Basra Körfezi'ne yakın bir bölgede yeni başkent planı
Başkent taşınması planında öne çıkan bölge, İran’ın güneyindeki Basra Körfezi’ne yakın alanlar olarak belirtiliyor. Bu tercih, birkaç stratejik avantaja dayanıyor: Bunlardan ilki ekonomik potansiyel çünkü Basra Körfezi, İran’ın petrol ve doğal gaz rezervlerinin kalbi niteliğinde. Yeni başkentin, bu enerji kaynaklarına daha yakın bir konumda olması ve ticaretin, özellikle deniz taşımacılığının merkezi haline gelebilmesi ve böylece İran'ın, enerji sektöründeki gücünü daha etkin bir şekilde kullanabilmesi hedefleniyor. Çevresel ve güvenlik faktörleri de başkentin taşınması planında öne çıkıyor. Basra Körfezi bölgesi, Tahran’a kıyasla daha düşük deprem riski taşıyor. Ayrıca, bu bölgenin iklimsel özellikleri, çevresel sürdürülebilirlik açısından yeni altyapı projelerinin uygulanmasına daha uygun görülüyor.

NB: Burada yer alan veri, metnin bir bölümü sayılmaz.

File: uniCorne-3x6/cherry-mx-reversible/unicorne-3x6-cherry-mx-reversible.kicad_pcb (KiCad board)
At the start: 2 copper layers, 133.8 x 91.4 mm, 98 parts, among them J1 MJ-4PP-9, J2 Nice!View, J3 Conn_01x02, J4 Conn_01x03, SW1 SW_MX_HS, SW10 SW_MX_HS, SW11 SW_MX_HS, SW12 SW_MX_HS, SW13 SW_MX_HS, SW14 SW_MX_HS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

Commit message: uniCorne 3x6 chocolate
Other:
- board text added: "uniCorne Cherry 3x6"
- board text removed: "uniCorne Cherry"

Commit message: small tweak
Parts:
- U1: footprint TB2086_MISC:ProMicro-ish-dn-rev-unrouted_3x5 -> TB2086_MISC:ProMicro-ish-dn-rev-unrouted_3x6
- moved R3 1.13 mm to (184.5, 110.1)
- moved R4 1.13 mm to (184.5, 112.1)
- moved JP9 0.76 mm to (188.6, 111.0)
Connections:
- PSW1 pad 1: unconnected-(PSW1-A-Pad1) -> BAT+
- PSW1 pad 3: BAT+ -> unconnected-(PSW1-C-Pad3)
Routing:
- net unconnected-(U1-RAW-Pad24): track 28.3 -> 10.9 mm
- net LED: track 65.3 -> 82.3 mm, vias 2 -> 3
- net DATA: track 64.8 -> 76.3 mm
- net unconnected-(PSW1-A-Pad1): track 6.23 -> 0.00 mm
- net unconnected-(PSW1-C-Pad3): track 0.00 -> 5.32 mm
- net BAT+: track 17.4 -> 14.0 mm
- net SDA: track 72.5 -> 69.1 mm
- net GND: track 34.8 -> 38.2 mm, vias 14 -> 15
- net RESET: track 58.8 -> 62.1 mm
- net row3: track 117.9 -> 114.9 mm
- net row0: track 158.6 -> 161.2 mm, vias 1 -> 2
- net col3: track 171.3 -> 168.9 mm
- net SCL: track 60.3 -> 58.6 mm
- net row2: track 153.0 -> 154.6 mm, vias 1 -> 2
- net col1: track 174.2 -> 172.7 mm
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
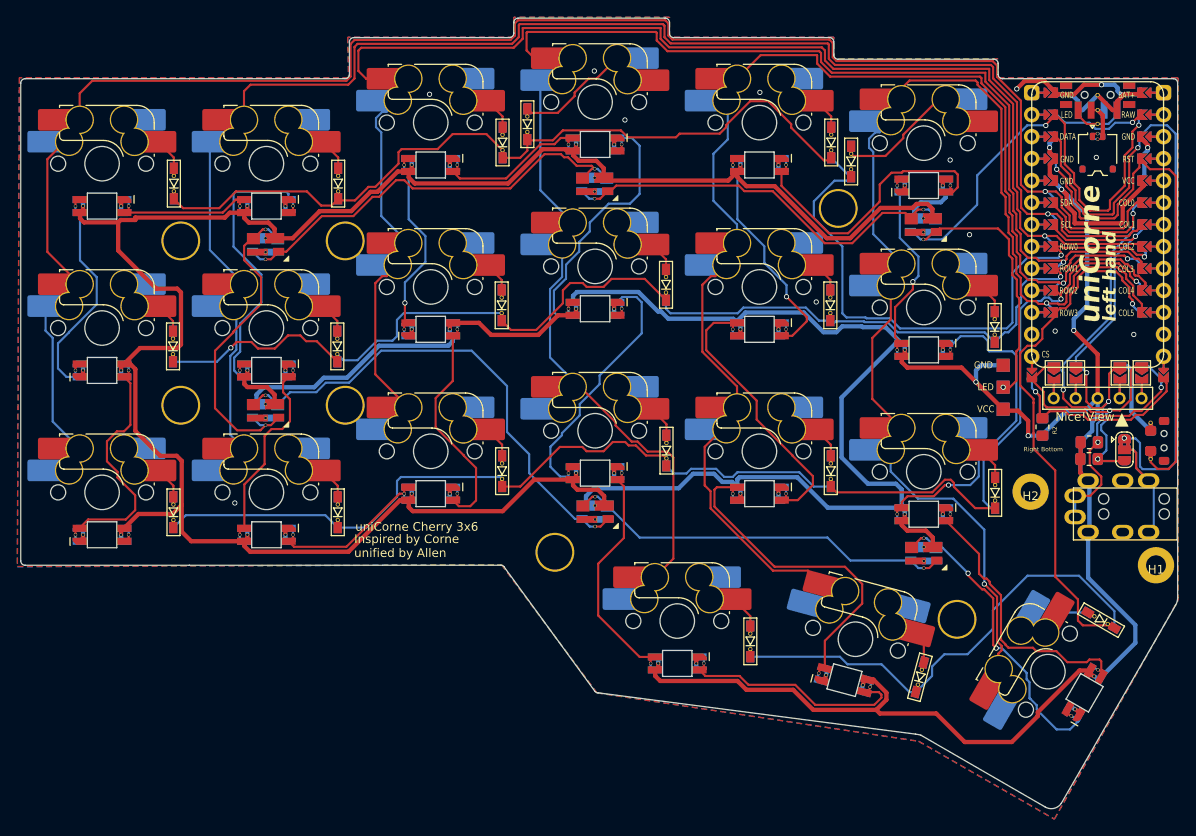
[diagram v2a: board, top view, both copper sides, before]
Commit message: amended footprint for LED
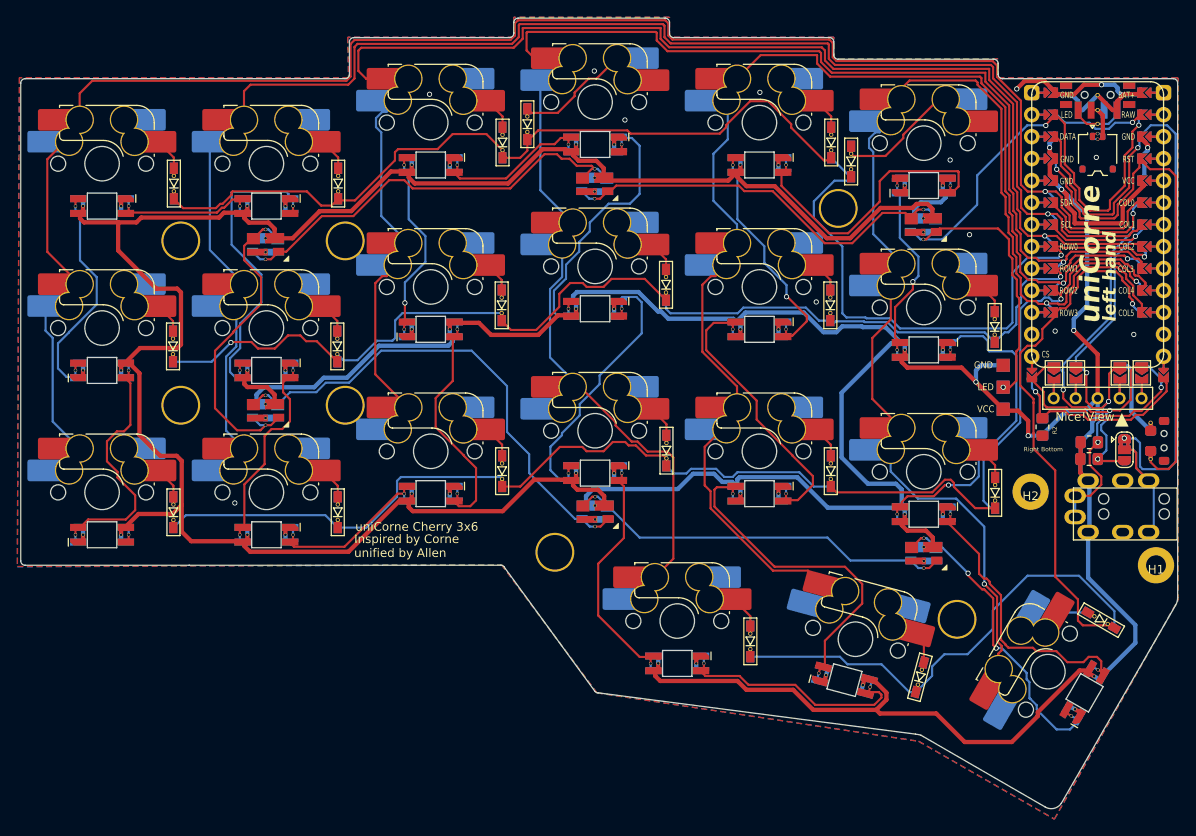
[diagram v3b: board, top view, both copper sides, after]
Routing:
- net VCC: track 588.2 -> 586.1 mm
- net Net-(L2-DIN): track 31.3 -> 32.5 mm
- net Net-(L21-DIN): track 35.1 -> 34.5 mm

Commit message: small tweak
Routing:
- net VCC: track 586.1 -> 587.7 mm
- net Net-(L12-DIN): track 36.2 -> 37.2 mm
- net row2: track 154.6 -> 153.9 mm
- net Net-(L16-DIN): track 25.8 -> 26.4 mm

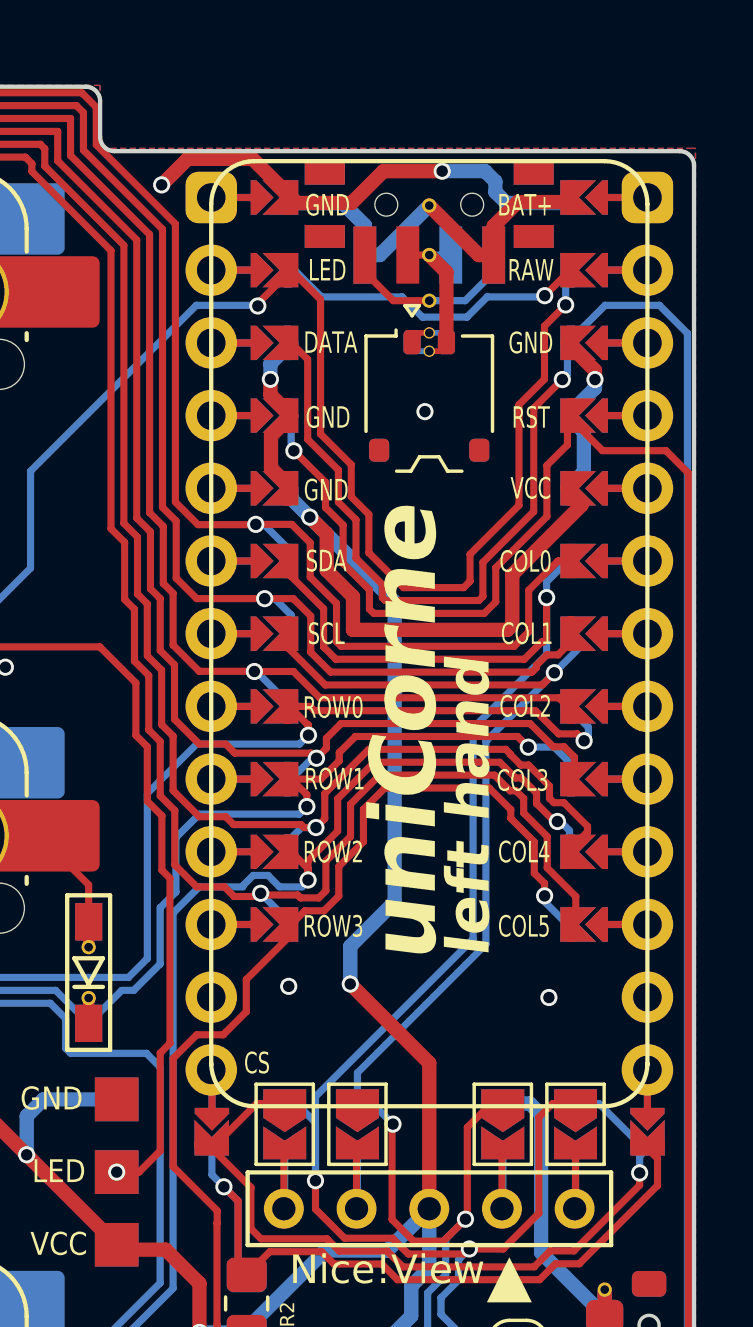
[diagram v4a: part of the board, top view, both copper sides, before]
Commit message: fixed footprint for promicro-ish 3x6
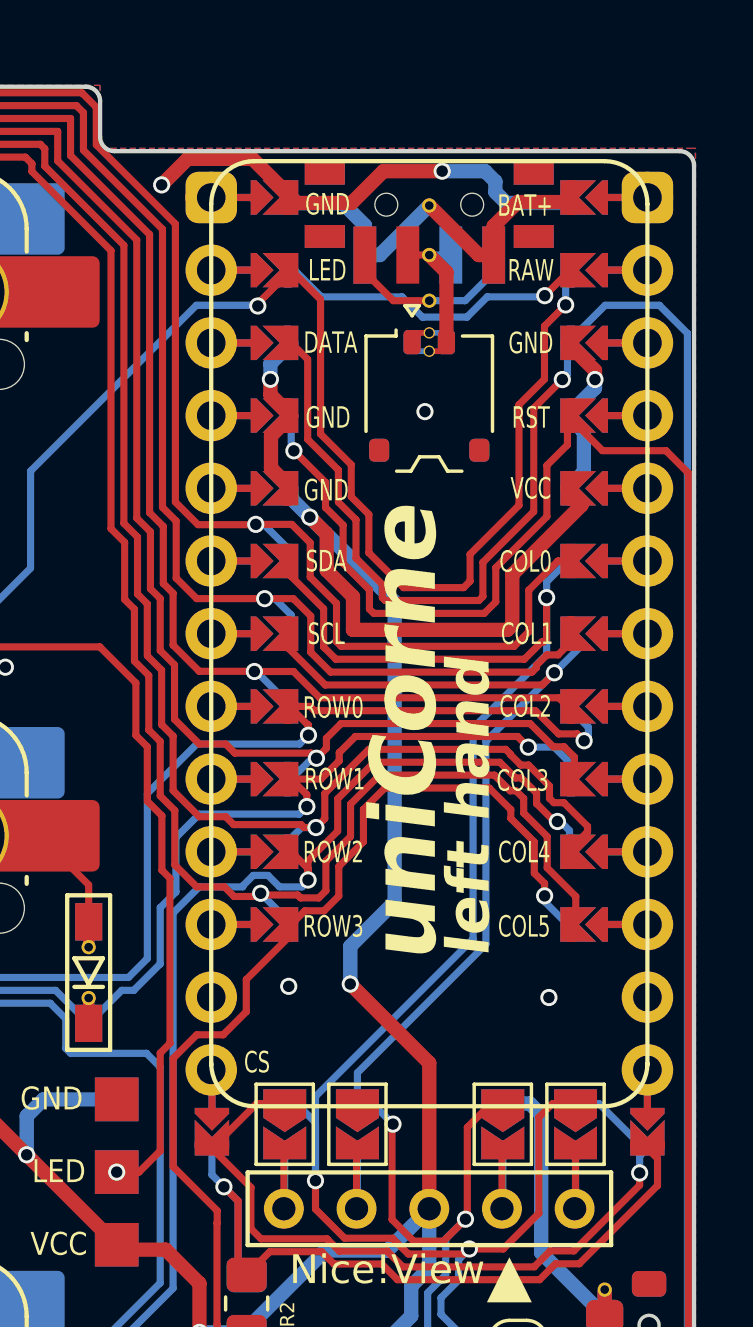
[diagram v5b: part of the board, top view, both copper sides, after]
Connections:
- U1 pad 12: IS_LEFT -> CS
- U1 pad 13: CS -> IS_LEFT
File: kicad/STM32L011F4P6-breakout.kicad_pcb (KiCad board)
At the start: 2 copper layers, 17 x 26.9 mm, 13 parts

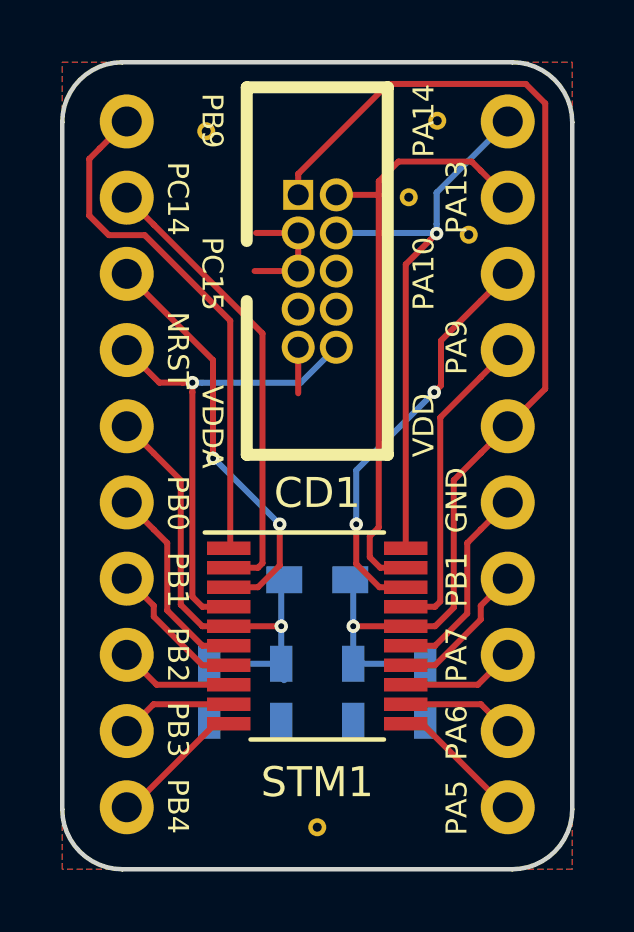
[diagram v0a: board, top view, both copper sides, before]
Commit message: changed ferrite bead
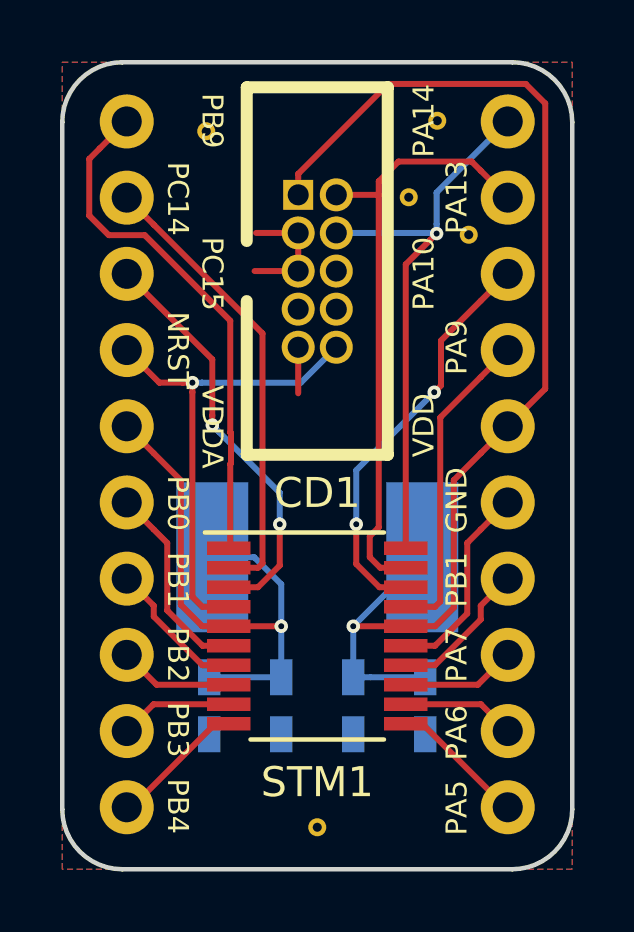
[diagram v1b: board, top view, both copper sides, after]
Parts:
- L1: value BKP1608HS600-T -> NFZ5BBW100LN10L; footprint Resistors_SMD:R_0603_HandSoldering -> Capacitors_SMD:C_2220_HandSoldering
- moved L1 0.75 mm to (148.5, 108.1)
- moved C1 0.45 mm to (144.9, 113.0)
- moved C2 0.45 mm to (147.3, 113.0)
- moved C3 0.45 mm to (149.7, 113.0)
- moved C4 0.45 mm to (152.1, 113.0)
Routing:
- net Net-(C3-Pad1): track 37.3 -> 40.3 mm
- net Net-(C1-Pad1): track 16.0 -> 18.9 mm

Başkenti taşımak mümkün mü?
Eğer bu plan başarılı bir şekilde uygulanırsa, İran sadece daha güvenli ve modern bir başkente kavuşmakla kalmayacak, aynı zamanda ekonomik, sosyal ve çevresel sorunlarını da büyük ölçüde hafifletebilecek ancak bu değişimin etkili bir şekilde hayata geçirilmesi, güçlü bir siyasi irade, güçlü ekonomi, detaylı bir planlama ve geniş çaplı bir toplumsal desteği gerektiriyor. Şu anda İran'ın özellikle ekonomi konusunda büyük sorunlarla boğuşması nedeniyle en azından yakın vadede bu planın gerçekleşmesi öngörülmüyor. Gelecek yıllarda bu sürecin nasıl ilerleyeceği, İran’ın ulusal kalkınma vizyonunu ve bölgesel rolünü önemli ölçüde etkileyecek. Tahran’ın taşınması, sadece bir coğrafi değişim değil, ülkenin geleceği için bir dönüşümün de habercisi olabilir.